Just as in winter, there are a number of nifty little ideas that Japanese people have used for many years to try to keep cool. Of course, most people have air conditioning at home, and certainly in shops and on trains the AC is quite ferocious, but there are other ways to try to keep cool too.

Wherever you go you will see people fanning themselves. Many people carry a folding fan in their bag or pocket, shops and other businesses often give out the non-folding type as promotional goods, and where neither are available people will use whatever they have to fan themselves; a book, a newspaper, a small towel or their hand. I first starting using a fan in summer when I lived in China, and remember taking several back to the UK because I liked the designs so much. Once I put one in my bag and on a particularly hot day pulled it out to use it and was met by incredulous looks from the people around me. I put it back in my bag and decided that was behaviour best confined to Asia. These days I have a fan in my school bag, one in my handbag, and at least one more at home. When my students pick up their textbook and employ it as a fan instead of the teaching tool it is meant to be, I don’t bat an eye. Go ahead, student! You keep cool any way you can. It’s hot and humid today, isn’t it?
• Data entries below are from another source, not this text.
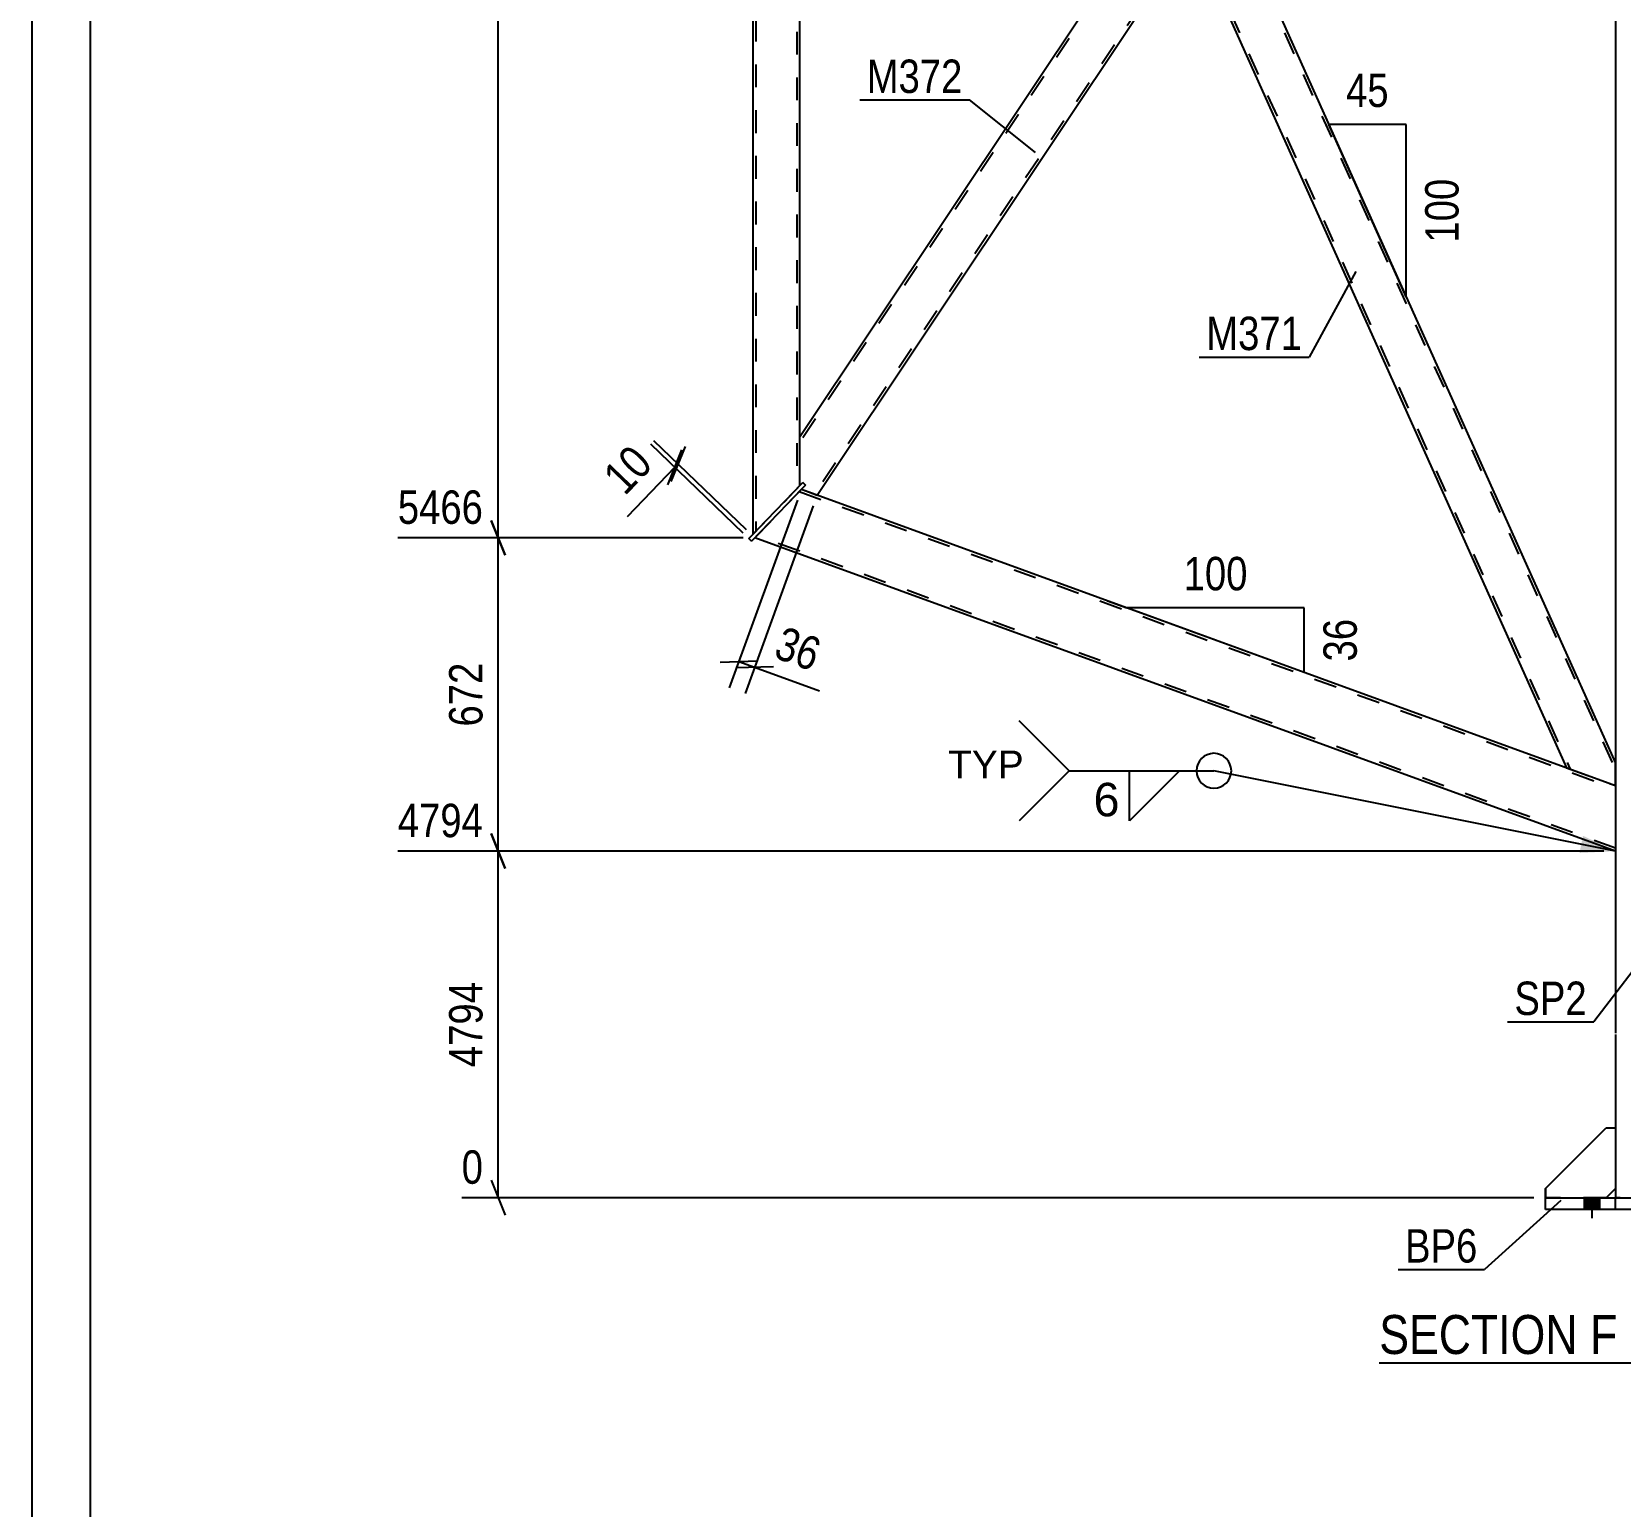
# Model space of a CAD drawing. Header units: millimetres. Extents: x 0 to 841, y 0 to 594.
# Drawn here: x 0 to 136.3, y 299.9 to 426.4 of the extents above; entities that cross this region are included whole.
import ezdxf

# ---------------------------------------------------------------- set-up
doc = ezdxf.new("R2010")
doc.units = ezdxf.units.MM
doc.linetypes.add('DXK_LINE_DOT2', pattern=[3.9198, 1.9599, -1.9599])
doc.styles.add('Arial', font='arial.ttf', dxfattribs={"height": 0.2})
doc.styles.add('Arial Narrow', font='ARIALN.TTF', dxfattribs={"height": 0.2})

# ---------------------------------------------------------------- blocks, each defined once
blk = doc.blocks.new('Unknown-682348010-22620')
at = {"color": 5, "linetype": 'Continuous'}
for p, q in [((0, 594), (0, 0)), ((5, 589), (5, 5))]:
    blk.add_line(p, q, dxfattribs=at)
blk = doc.blocks.new('Unknown-682348010-12 - 18049')
at = {"color": 6, "linetype": 'Continuous'}
blk.add_line((115.59, 312.22), (141.74, 312.22), dxfattribs=at)
at = {"color": 0, "linetype": 'Continuous'}
for points in [[(132.63, 312.97), (132.63, 316.47), (115.59, 316.47), (115.59, 312.97)], [(136.02, 312.97), (136.02, 316.47), (133.68, 316.47), (133.68, 312.97)], [(138.35, 312.97), (138.35, 316.47), (137.07, 316.47), (137.07, 312.97)], [(141.74, 312.97), (141.74, 316.47), (139.4, 316.47), (139.4, 312.97)]]:
    blk.add_wipeout(points, dxfattribs=at)
at = {"color": 7, "linetype": 'Continuous', "style": 'Arial Narrow'}
for s, p in [('SECTION', (115.59, 312.97)), ('F', (133.68, 312.97)), ('F', (139.4, 312.97)), ('-', (137.07, 312.97))]:
    blk.add_text(s, height=3.34, dxfattribs=at).set_placement(p)
blk = doc.blocks.new('Part-682348010-18115 - 18049')
at = {"color": 2, "linetype": 'Continuous'}
for p, q in [((61.52, 382.89), (66.14, 387.7)), ((61.75, 382.67), (66.37, 387.48)), ((66.37, 387.48), (66.14, 387.7)), ((61.75, 382.67), (61.52, 382.89))]:
    blk.add_line(p, q, dxfattribs=at)
blk = doc.blocks.new('Part-682348010-18060 - 18049')
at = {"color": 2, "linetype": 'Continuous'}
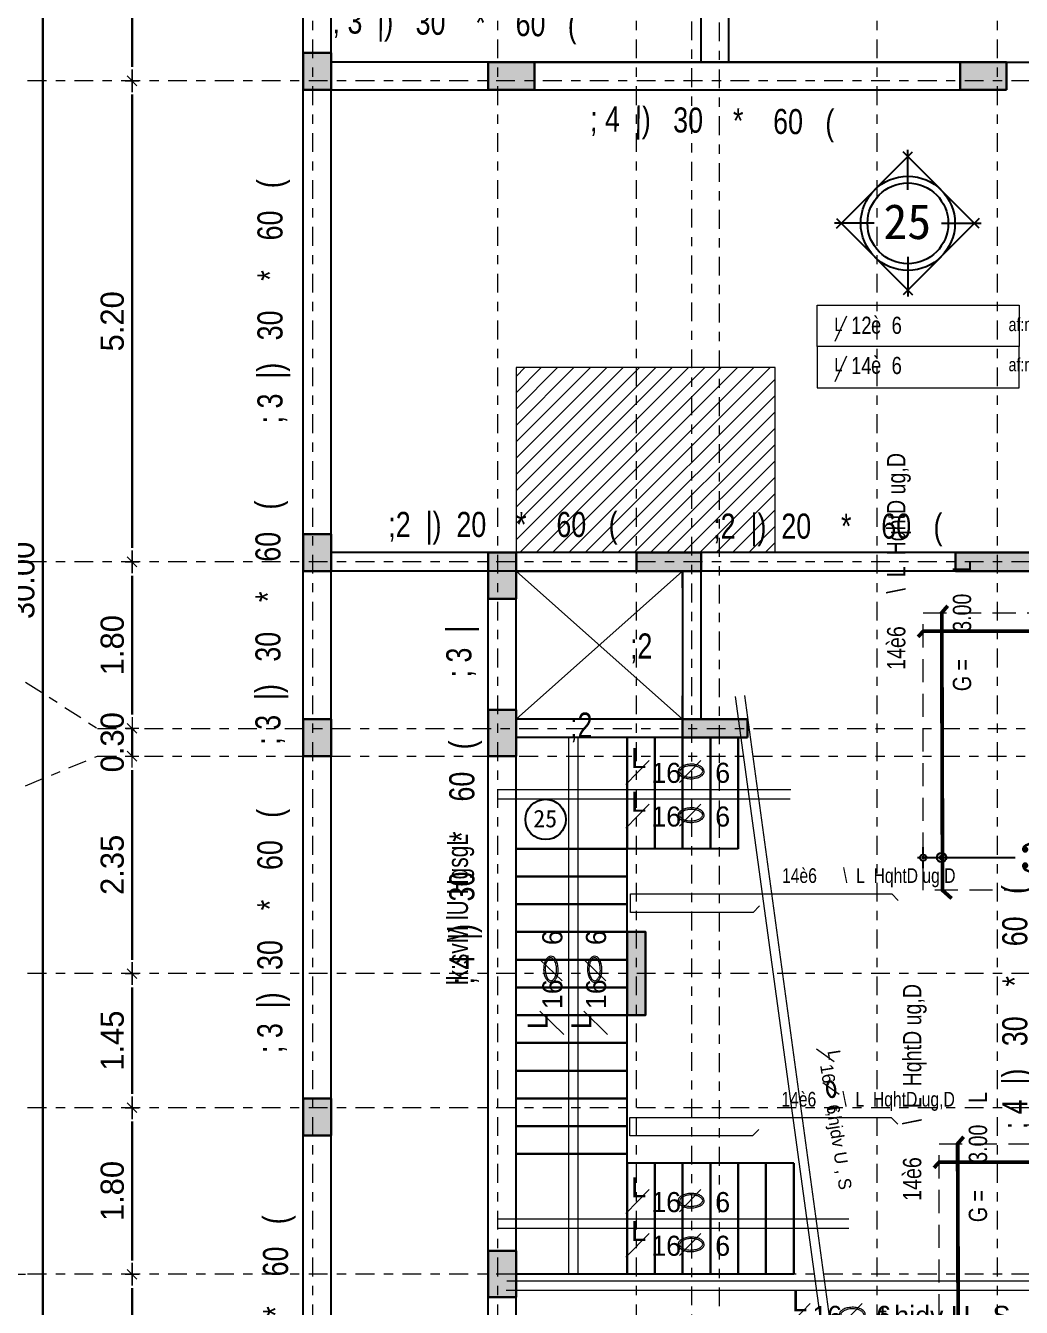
# Model space of a CAD drawing. Header units: inches. Extents: x -1583 to -1389, y -6910 to -6586.
# Drawn here: x -1452.85 to -1442.09, y -6778.69 to -6764.84 of the extents above; entities that cross this region are included whole.
import ezdxf
from ezdxf.enums import TextEntityAlignment as Align

# ---------------------------------------------------------------- set-up
doc = ezdxf.new("R2010")
doc.units = ezdxf.units.IN
doc.header["$MEASUREMENT"] = 0
for name, pattern in [('CENTER', [50.8, 31.75, -6.35, 6.35, -6.35]), ('CENTERX2', [101.6, 63.5, -12.7, 12.7, -12.7]), ('DASHDOTX2', [50.8, 25.4, -12.7, 0, -12.7]), ('DASHED2', [0.375, 0.25, -0.125]), ('HIDDEN', [0.375, 0.25, -0.125])]:
    doc.linetypes.add(name, pattern=pattern)
for name, color, linetype, lineweight in [('ADDITIONAL STEEL', 251, 'Continuous', 15), ('Annotations', 240, 'Continuous', 13), ('COLUMNS', 3, 'Continuous', 30), ('dime', 240, 'Continuous', 13), ('F DIM IN', 147, 'Continuous', 5), ('PLANTAS', 82, 'Continuous', 5), ('S-SL-RFTOPXT', 7, 'Continuous', 0), ('S-TEXT', 4, 'Continuous', 18), ('st', 41, 'Continuous', 15), ('stairs', 134, 'Continuous', 20), ('Table_Text', 5, 'Continuous', 0), ('text', 91, 'Continuous', 18), ('wall', 7, 'Continuous', 30)]:
    doc.layers.add(name, color=color, linetype=linetype, lineweight=lineweight)
for name, color, linetype in [('AX', 7, 'CENTER'), ('Axsis', 8, 'CENTERX2'), ('circle axes1-100', 8, 'Continuous'), ('col', 5, 'Continuous'), ('ELESIMPLE', 7, 'Continuous'), ('footing', 5, 'Continuous'), ('g beam', 184, 'Continuous'), ('sssse', 205, 'Continuous'), ('walls', 7, 'Continuous')]:
    doc.layers.add(name, color=color, linetype=linetype)
doc.styles.add('_STYLE', font='xarab.shx', dxfattribs={"height": 0.12})
doc.styles.add('AR', font='XARB.SHX')
doc.styles.add('AX', font='xarab.shx', dxfattribs={"height": 0.12})
doc.styles.add('ECH-ARAB', font='xarab.shx', dxfattribs={"width": 0.8})
doc.styles.add('plan', font='NSimSun.ttf', dxfattribs={"height": 0.15})
doc.styles.add('RO', font='ROMANT.SHX', dxfattribs={"height": 0.3})
doc.styles.add('SOSA', font='sosa.shx')
doc.styles.add('XARB', font='xarb.shx', dxfattribs={"height": 0.5})
doc.dimstyles.new('DIM-50', dxfattribs={"dimtxt": 0.25, "dimasz": 0.15, "dimexe": 0, "dimexo": 0, "dimgap": 0.05, "dimtad": 1, "dimzin": 0, "dimdsep": 46, "dimtxsty": 'SOSA', "dimblk1": 'DIM-TICK', "dimblk2": 'DIM-TICK', "dimsah": 1, "dimcen": 1, "dimse1": 1, "dimse2": 1, "dimclrd": 251, "dimclrt": 4, "dimadec": 0, "dimazin": 0, "dimtfac": 1.5, "dimtix": 1, "dimtmove": 0, "dimatfit": 0, "dimldrblk": 'DIM-TICK', "dimfxl": 1, "dimtolj": 1, "dimtzin": 0, "dimarcsym": 0})
doc.dimstyles.new('OS-DIM', dxfattribs={"dimscale": 0, "dimtxt": 0.12, "dimasz": 0.005, "dimexe": 0.1, "dimexo": 0, "dimgap": 0.04, "dimtad": 1, "dimzin": 0, "dimdsep": 46, "dimtxsty": 'AX', "dimblk": 'OSAM', "dimcen": 0.09, "dimse1": 1, "dimse2": 1, "dimclrd": 256, "dimclre": 1, "dimclrt": 256, "dimaunit": 1, "dimadec": 0, "dimazin": 0, "dimtfac": 7, "dimtix": 1, "dimtofl": 0, "dimtmove": 2, "dimatfit": 3, "dimldrblk": 'OSAM', "dimfxl": 1, "dimtolj": 1, "dimtzin": 0, "dimarcsym": 0})

# ---------------------------------------------------------------- blocks, each defined once
blk = doc.blocks.new('12556')
at = {"layer": 'COLUMNS'}
h = blk.add_hatch(color=1, dxfattribs=at)
h.set_gradient(color1=(0, 255, 0), color2=(0, 77, 0), rotation=45, centered=1, one_color=1, tint=0.15, name='INVCYLINDER')
h.paths.add_polyline_path([(764546.161, 2210435.997), (764546.161, 2210436.297), (764545.661, 2210436.297), (764545.661, 2210435.997)])
h = blk.add_hatch(color=1, dxfattribs=at)
h.set_gradient(color1=(0, 255, 0), color2=(0, 77, 0), rotation=45, centered=1, one_color=1, tint=0.15, name='INVCYLINDER')
h.paths.add_polyline_path([(764551.261, 2210435.997), (764551.261, 2210436.297), (764550.761, 2210436.297), (764550.761, 2210435.997)])
h = blk.add_hatch(color=1, dxfattribs=at)
h.set_gradient(color1=(0, 255, 0), color2=(0, 77, 0), rotation=45, centered=1, one_color=1, tint=0.15, name='INVCYLINDER')
h.paths.add_polyline_path([(764545.961, 2210430.997), (764545.661, 2210430.997), (764545.661, 2210430.497), (764545.961, 2210430.497)])
h = blk.add_hatch(color=1, dxfattribs=at)
h.set_gradient(color1=(0, 255, 0), color2=(0, 77, 0), rotation=45, centered=1, one_color=1, tint=0.15, name='INVCYLINDER')
h.paths.add_polyline_path([(764547.961, 2210430.797), (764547.961, 2210430.997), (764547.261, 2210430.997), (764547.261, 2210430.797)])
h = blk.add_hatch(color=1, dxfattribs=at)
h.set_gradient(color1=(0, 255, 0), color2=(0, 77, 0), rotation=45, centered=1, one_color=1, tint=0.15, name='INVCYLINDER')
h.paths.add_polyline_path([(764551.611, 2210430.797), (764551.611, 2210430.997), (764550.711, 2210430.997), (764550.711, 2210430.797)])
h = blk.add_hatch(color=1, dxfattribs=at)
h.set_gradient(color1=(0, 255, 0), color2=(0, 77, 0), rotation=45, centered=1, one_color=1, tint=0.15, name='INVCYLINDER')
h.paths.add_polyline_path([(764545.961, 2210429.296), (764545.661, 2210429.296), (764545.661, 2210428.796), (764545.961, 2210428.796)])
h = blk.add_hatch(color=1, dxfattribs=at)
h.set_gradient(color1=(0, 255, 0), color2=(0, 77, 0), rotation=45, centered=1, one_color=1, tint=0.15, name='INVCYLINDER')
h.paths.add_polyline_path([(764548.461, 2210428.997), (764548.461, 2210429.197), (764547.761, 2210429.197), (764547.761, 2210428.997)])
h = blk.add_hatch(color=1, dxfattribs=at)
h.set_gradient(color1=(0, 255, 0), color2=(0, 77, 0), rotation=45, centered=1, one_color=1, tint=0.15, name='INVCYLINDER')
h.paths.add_polyline_path([(764547.161, 2210425.997), (764547.361, 2210425.997), (764547.361, 2210426.897), (764547.161, 2210426.897)])
h = blk.add_hatch(color=1, dxfattribs=at)
h.set_gradient(color1=(0, 255, 0), color2=(0, 77, 0), rotation=45, centered=1, one_color=1, tint=0.15, name='INVCYLINDER')
h.paths.add_polyline_path([(764545.961, 2210423.449), (764545.661, 2210423.449), (764545.661, 2210422.949), (764545.961, 2210422.949)])
at = {"layer": 'COLUMNS', "color": 3}
for points in [[(764546.161, 2210435.997), (764546.161, 2210436.297), (764545.661, 2210436.297), (764545.661, 2210435.997)], [(764551.261, 2210435.997), (764551.261, 2210436.297), (764550.761, 2210436.297), (764550.761, 2210435.997)], [(764545.961, 2210430.997), (764545.661, 2210430.997), (764545.661, 2210430.497), (764545.961, 2210430.497)], [(764547.961, 2210430.797), (764547.961, 2210430.997), (764547.261, 2210430.997), (764547.261, 2210430.797)], [(764551.611, 2210430.797), (764551.611, 2210430.997), (764550.711, 2210430.997), (764550.711, 2210430.797)], [(764545.961, 2210429.296), (764545.661, 2210429.296), (764545.661, 2210428.796), (764545.961, 2210428.796)], [(764548.461, 2210428.997), (764548.461, 2210429.197), (764547.761, 2210429.197), (764547.761, 2210428.997)], [(764547.161, 2210425.997), (764547.361, 2210425.997), (764547.361, 2210426.897), (764547.161, 2210426.897)], [(764545.961, 2210423.449), (764545.661, 2210423.449), (764545.661, 2210422.949), (764545.961, 2210422.949)]]:
    blk.add_lwpolyline(points, close=True, dxfattribs=at)
blk = doc.blocks.new('44545')
at = {"layer": 'COLUMNS'}
h = blk.add_hatch(color=1, dxfattribs=at)
h.set_gradient(color1=(0, 255, 0), color2=(0, 77, 0), rotation=45, centered=1, one_color=1, tint=0.15, name='INVCYLINDER')
h.paths.add_polyline_path([(764585.932, 2210437.037), (764585.632, 2210437.037), (764585.632, 2210436.637), (764585.932, 2210436.637)])
h = blk.add_hatch(color=1, dxfattribs=at)
h.set_gradient(color1=(0, 255, 0), color2=(0, 77, 0), rotation=45, centered=1, one_color=1, tint=0.15, name='INVCYLINDER')
h.paths.add_polyline_path([(764585.932, 2210431.837), (764585.632, 2210431.837), (764585.632, 2210431.437), (764585.932, 2210431.437)])
h = blk.add_hatch(color=1, dxfattribs=at)
h.set_gradient(color1=(0, 255, 0), color2=(0, 77, 0), rotation=45, centered=1, one_color=1, tint=0.15, name='INVCYLINDER')
h.paths.add_polyline_path([(764585.932, 2210429.837), (764585.632, 2210429.837), (764585.632, 2210429.437), (764585.932, 2210429.437)])
h = blk.add_hatch(color=1, dxfattribs=at)
h.set_gradient(color1=(0, 255, 0), color2=(0, 77, 0), rotation=45, centered=1, one_color=1, tint=0.15, name='INVCYLINDER')
h.paths.add_polyline_path([(764585.932, 2210425.737), (764585.632, 2210425.737), (764585.632, 2210425.337), (764585.932, 2210425.337)])
at = {"layer": 'COLUMNS', "color": 3}
for points in [[(764585.932, 2210437.037), (764585.632, 2210437.037), (764585.632, 2210436.637), (764585.932, 2210436.637)], [(764585.932, 2210431.837), (764585.632, 2210431.837), (764585.632, 2210431.437), (764585.932, 2210431.437)], [(764585.932, 2210429.837), (764585.632, 2210429.837), (764585.632, 2210429.437), (764585.932, 2210429.437)], [(764585.932, 2210425.737), (764585.632, 2210425.737), (764585.632, 2210425.337), (764585.932, 2210425.337)]]:
    blk.add_lwpolyline(points, close=True, dxfattribs=at)
blk = doc.blocks.new('1215447849')
at = {"layer": 'F DIM IN', "color": 0}
for p, q in [((2873.41, -5903.636), (2873.41, -5903.456)), ((2873.114, -5903.932), (2872.934, -5903.932)), ((2873.706, -5903.932), (2873.886, -5903.932)), ((2873.41, -5904.228), (2873.41, -5904.408))]:
    blk.add_line(p, q, dxfattribs=at)
blk.add_circle((2873.41, -5903.932), 0.356, dxfattribs=at)
blk = doc.blocks.new('DIM-TICK')
for p, q in [((-0.82, 0), (0.82, 0)), ((-0.354, -0.354), (0.354, 0.354)), ((0, 0.5), (0, -0.5))]:
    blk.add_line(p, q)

While almost all of us enjoy sitting around in air-conditioned comfort at home, conventional wisdom dictates that sleeping with the AC on is A Very Bad Thing. No good will come of it, you will catch a cold and we shall all roll our eyes knowingly. The appropriate way to sleep on a hot summer night is to use an electric fan, which is surprisingly effective. There are cooling ice pillows (‘cooling’ seeming to be an understatement, what do you think is going to happen if you sleep with your head on a giant ice-cold gel pack?) and the excellently-named towelket. This is the hybrid offspring of a towel and a blanket (I’m sure you’d already figured that one out for yourself), which you use instead of a duvet in summer. I must admit that I don’t use all these things; I have a fan, but sometimes I wake up around 4:30 when the sun is coming up and switch to the AC. No good will come of it, I’m sure.

Summer in Japan also means insects. In most places you would think that that is obvious; hot weather bringing out all kinds of creepy crawlies which we dispose of in a variety of ways. If you’re thinking of mosquitoes and cockroaches, of course, we do the same in Japan. But there are other insects which are greeted with delight. Children go out looking for these mini beasts and carry them home triumphantly. Failing that, you can buy one in a department store, along with its own plastic box and the strange gel it likes to eat.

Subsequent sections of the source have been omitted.